§ **Your objective**
Below are the entries to work from; restate word for word the portion that opens with the line containing "#14832 = EDGE_CURVE" and closes with the line containing "#32563 = ORIENTED_EDGE", keeping both.

(Stored records)
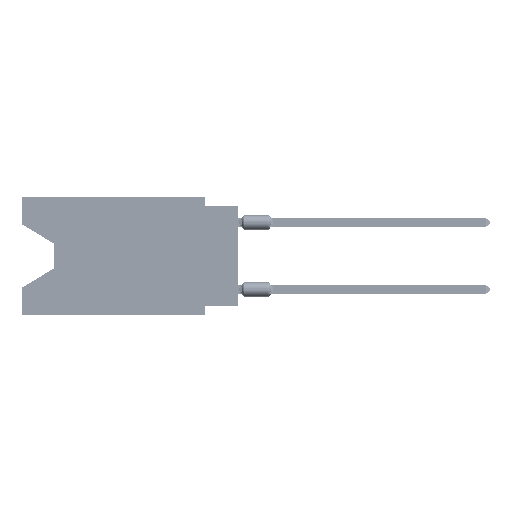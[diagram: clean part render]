
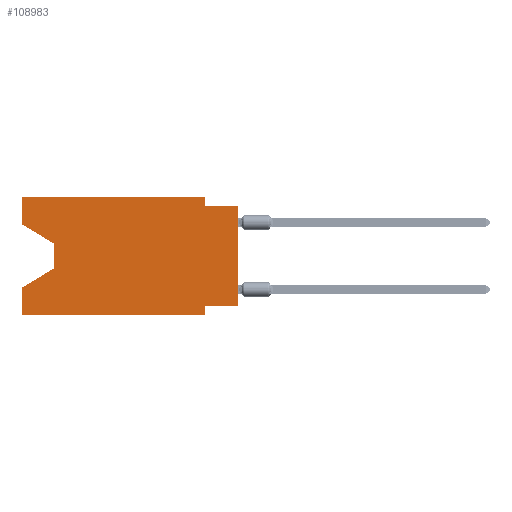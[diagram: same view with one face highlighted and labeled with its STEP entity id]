
A CAD part, left-side view. The second image highlights one B-rep face of the part: STEP entity #108983.
In plain terms, the highlighted planar face has unit normal (-1, 0, 0).
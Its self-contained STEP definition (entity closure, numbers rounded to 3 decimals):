
#1563 = LINE ( 'NONE', #73223, #68733 ) ;
#3938 = VECTOR ( 'NONE', #65482, 1000. ) ;
#7333 = EDGE_CURVE ( 'NONE', #61866, #8219, #95797, .T. ) ;
#8219 = VERTEX_POINT ( 'NONE', #72458 ) ;
#8479 = CARTESIAN_POINT ( 'NONE',  ( 0., 16.383, 0. ) ) ;
#8603 = EDGE_LOOP ( 'NONE', ( #39001, #33583, #102089, #32563, #18057, #45045, #89609, #26927, #80280, #47833, #34997, #63965 ) ) ;
#10073 = DIRECTION ( 'NONE',  ( 0., -1., 0. ) ) ;
#13409 = CARTESIAN_POINT ( 'NONE',  ( 0., 2.54, -0.635 ) ) ;
#13628 = CARTESIAN_POINT ( 'NONE',  ( 0., 16.383, -8.89 ) ) ;
#14525 = PLANE ( 'NONE',  #99285 ) ;
#14832 = EDGE_CURVE ( 'NONE', #24774, #77358, #98203, .T. ) ;
#15952 = CARTESIAN_POINT ( 'NONE',  ( 0., 2.54, -8.89 ) ) ;
#17827 = DIRECTION ( 'NONE',  ( 0., 0., 1. ) ) ;
#18057 = ORIENTED_EDGE ( 'NONE', *, *, #14832, .T. ) ;
#21929 = CARTESIAN_POINT ( 'NONE',  ( 0., 16.383, -8.89 ) ) ;
#23082 = DIRECTION ( 'NONE',  ( 0., 0., -1. ) ) ;
#23469 = CARTESIAN_POINT ( 'NONE',  ( 0., 16.383, -6.852 ) ) ;
#24774 = VERTEX_POINT ( 'NONE', #13628 ) ;
#26149 = EDGE_CURVE ( 'NONE', #36776, #42755, #43752, .T. ) ;
#26927 = ORIENTED_EDGE ( 'NONE', *, *, #7333, .T. ) ;
#27738 = VECTOR ( 'NONE', #79029, 1000. ) ;
#29174 = LINE ( 'NONE', #31449, #50981 ) ;
#29979 = VERTEX_POINT ( 'NONE', #8479 ) ;
#30757 = LINE ( 'NONE', #75685, #3938 ) ;
#31062 = DIRECTION ( 'NONE',  ( 1., 0., 0. ) ) ;
#31449 = CARTESIAN_POINT ( 'NONE',  ( 0., 0., -0.635 ) ) ;
#32563 = ORIENTED_EDGE ( 'NONE', *, *, #83424, .F. ) ;
#33583 = ORIENTED_EDGE ( 'NONE', *, *, #49696, .T. ) ;
#34997 = ORIENTED_EDGE ( 'NONE', *, *, #64373, .F. ) ;
#36776 = VERTEX_POINT ( 'NONE', #105055 ) ;
#37343 = EDGE_CURVE ( 'NONE', #108525, #8219, #29174, .T. ) ;
#38431 = LINE ( 'NONE', #107289, #50976 ) ;
#39001 = ORIENTED_EDGE ( 'NONE', *, *, #42190, .T. ) ;
#40830 = VECTOR ( 'NONE', #99917, 1000. ) ;
#41528 = VERTEX_POINT ( 'NONE', #69510 ) ;
#41853 = CARTESIAN_POINT ( 'NONE',  ( 0., 16.383, 0. ) ) ;
#42190 = EDGE_CURVE ( 'NONE', #54422, #41528, #38431, .T. ) ;
#42755 = VERTEX_POINT ( 'NONE', #23469 ) ;
#42759 = VECTOR ( 'NONE', #17827, 1000. ) ;
#42894 = LINE ( 'NONE', #77593, #108500 ) ;
#43752 = LINE ( 'NONE', #111505, #27738 ) ;
#45045 = ORIENTED_EDGE ( 'NONE', *, *, #63858, .F. ) ;
#47524 = DIRECTION ( 'NONE',  ( 0., -0.855, -0.519 ) ) ;
#47833 = ORIENTED_EDGE ( 'NONE', *, *, #98947, .F. ) ;
#49696 = EDGE_CURVE ( 'NONE', #41528, #36776, #42894, .T. ) ;
#49934 = CARTESIAN_POINT ( 'NONE',  ( 0., 16.383, 0. ) ) ;
#50976 = VECTOR ( 'NONE', #47524, 1000. ) ;
#50981 = VECTOR ( 'NONE', #55368, 1000. ) ;
#53340 = CARTESIAN_POINT ( 'NONE',  ( 0., 16.383, 0. ) ) ;
#54422 = VERTEX_POINT ( 'NONE', #73535 ) ;
#55368 = DIRECTION ( 'NONE',  ( 0., -1., 0. ) ) ;
#60195 = LINE ( 'NONE', #53340, #109395 ) ;
#61063 = DIRECTION ( 'NONE',  ( 0., 0., -1. ) ) ;
#61866 = VERTEX_POINT ( 'NONE', #100586 ) ;
#62701 = CARTESIAN_POINT ( 'NONE',  ( 0., 2.54, 0. ) ) ;
#63858 = EDGE_CURVE ( 'NONE', #101063, #77358, #76287, .T. ) ;
#63910 = VECTOR ( 'NONE', #66632, 1000. ) ;
#63965 = ORIENTED_EDGE ( 'NONE', *, *, #96298, .F. ) ;
#64373 = EDGE_CURVE ( 'NONE', #29979, #87907, #60195, .T. ) ;
#65482 = DIRECTION ( 'NONE',  ( 0., 0., -1. ) ) ;
#66632 = DIRECTION ( 'NONE',  ( 0., 0., -1. ) ) ;
#68375 = CARTESIAN_POINT ( 'NONE',  ( 0., 2.54, -8.89 ) ) ;
#68538 = CARTESIAN_POINT ( 'NONE',  ( 0., 0., 0. ) ) ;
#68733 = VECTOR ( 'NONE', #99409, 1000. ) ;
#69510 = CARTESIAN_POINT ( 'NONE',  ( 0., 13.97, -3.505 ) ) ;
#72458 = CARTESIAN_POINT ( 'NONE',  ( 0., 0., -0.635 ) ) ;
#73223 = CARTESIAN_POINT ( 'NONE',  ( 0., 16.383, 0. ) ) ;
#73535 = CARTESIAN_POINT ( 'NONE',  ( 0., 16.383, -2.038 ) ) ;
#73833 = EDGE_CURVE ( 'NONE', #61866, #101063, #78350, .T. ) ;
#73884 = DIRECTION ( 'NONE',  ( 0., 0., 1. ) ) ;
#74381 = VECTOR ( 'NONE', #73884, 1000. ) ;
#75685 = CARTESIAN_POINT ( 'NONE',  ( 0., 2.54, 0. ) ) ;
#76287 = LINE ( 'NONE', #15952, #63910 ) ;
#77358 = VERTEX_POINT ( 'NONE', #68375 ) ;
#77593 = CARTESIAN_POINT ( 'NONE',  ( 0., 13.97, -3.505 ) ) ;
#78350 = LINE ( 'NONE', #87447, #40830 ) ;
#79029 = DIRECTION ( 'NONE',  ( 0., 0.855, -0.519 ) ) ;
#80280 = ORIENTED_EDGE ( 'NONE', *, *, #37343, .F. ) ;
#81181 = VECTOR ( 'NONE', #91349, 1000. ) ;
#83424 = EDGE_CURVE ( 'NONE', #24774, #42755, #1563, .T. ) ;
#84663 = LINE ( 'NONE', #49934, #74381 ) ;
#87447 = CARTESIAN_POINT ( 'NONE',  ( 0., 0., -8.255 ) ) ;
#87907 = VERTEX_POINT ( 'NONE', #62701 ) ;
#89609 = ORIENTED_EDGE ( 'NONE', *, *, #73833, .F. ) ;
#91349 = DIRECTION ( 'NONE',  ( 0., -1., 0. ) ) ;
#95797 = LINE ( 'NONE', #68538, #42759 ) ;
#96298 = EDGE_CURVE ( 'NONE', #54422, #29979, #84663, .T. ) ;
#98203 = LINE ( 'NONE', #21929, #81181 ) ;
#98947 = EDGE_CURVE ( 'NONE', #87907, #108525, #30757, .T. ) ;
#99285 = AXIS2_PLACEMENT_3D ( 'NONE', #41853, #31062, #23082 ) ;
#99409 = DIRECTION ( 'NONE',  ( 0., 0., 1. ) ) ;
#99917 = DIRECTION ( 'NONE',  ( 0., 1., 0. ) ) ;
#100586 = CARTESIAN_POINT ( 'NONE',  ( 0., 0., -8.255 ) ) ;
#101063 = VERTEX_POINT ( 'NONE', #102566 ) ;
#102089 = ORIENTED_EDGE ( 'NONE', *, *, #26149, .T. ) ;
#102566 = CARTESIAN_POINT ( 'NONE',  ( 0., 2.54, -8.255 ) ) ;
#105055 = CARTESIAN_POINT ( 'NONE',  ( 0., 13.97, -5.385 ) ) ;
#107289 = CARTESIAN_POINT ( 'NONE',  ( 0., 16.383, -2.038 ) ) ;
#108500 = VECTOR ( 'NONE', #61063, 1000. ) ;
#108525 = VERTEX_POINT ( 'NONE', #13409 ) ;
#108983 = ADVANCED_FACE ( 'NONE', ( #110693 ), #14525, .F. ) ;
#109395 = VECTOR ( 'NONE', #10073, 1000. ) ;
#110693 = FACE_OUTER_BOUND ( 'NONE', #8603, .T. ) ;
#111505 = CARTESIAN_POINT ( 'NONE',  ( 0., 13.97, -5.385 ) ) ;

§ **Response to this exercise**
#14832 = EDGE_CURVE ( 'NONE', #24774, #77358, #98203, .T. ) ;
#15952 = CARTESIAN_POINT ( 'NONE',  ( 0., 2.54, -8.89 ) ) ;
#17827 = DIRECTION ( 'NONE',  ( 0., 0., 1. ) ) ;
#18057 = ORIENTED_EDGE ( 'NONE', *, *, #14832, .T. ) ;
#21929 = CARTESIAN_POINT ( 'NONE',  ( 0., 16.383, -8.89 ) ) ;
#23082 = DIRECTION ( 'NONE',  ( 0., 0., -1. ) ) ;
#23469 = CARTESIAN_POINT ( 'NONE',  ( 0., 16.383, -6.852 ) ) ;
#24774 = VERTEX_POINT ( 'NONE', #13628 ) ;
#26149 = EDGE_CURVE ( 'NONE', #36776, #42755, #43752, .T. ) ;
#26927 = ORIENTED_EDGE ( 'NONE', *, *, #7333, .T. ) ;
#27738 = VECTOR ( 'NONE', #79029, 1000. ) ;
#29174 = LINE ( 'NONE', #31449, #50981 ) ;
#29979 = VERTEX_POINT ( 'NONE', #8479 ) ;
#30757 = LINE ( 'NONE', #75685, #3938 ) ;
#31062 = DIRECTION ( 'NONE',  ( 1., 0., 0. ) ) ;
#31449 = CARTESIAN_POINT ( 'NONE',  ( 0., 0., -0.635 ) ) ;
#32563 = ORIENTED_EDGE ( 'NONE', *, *, #83424, .F. ) ;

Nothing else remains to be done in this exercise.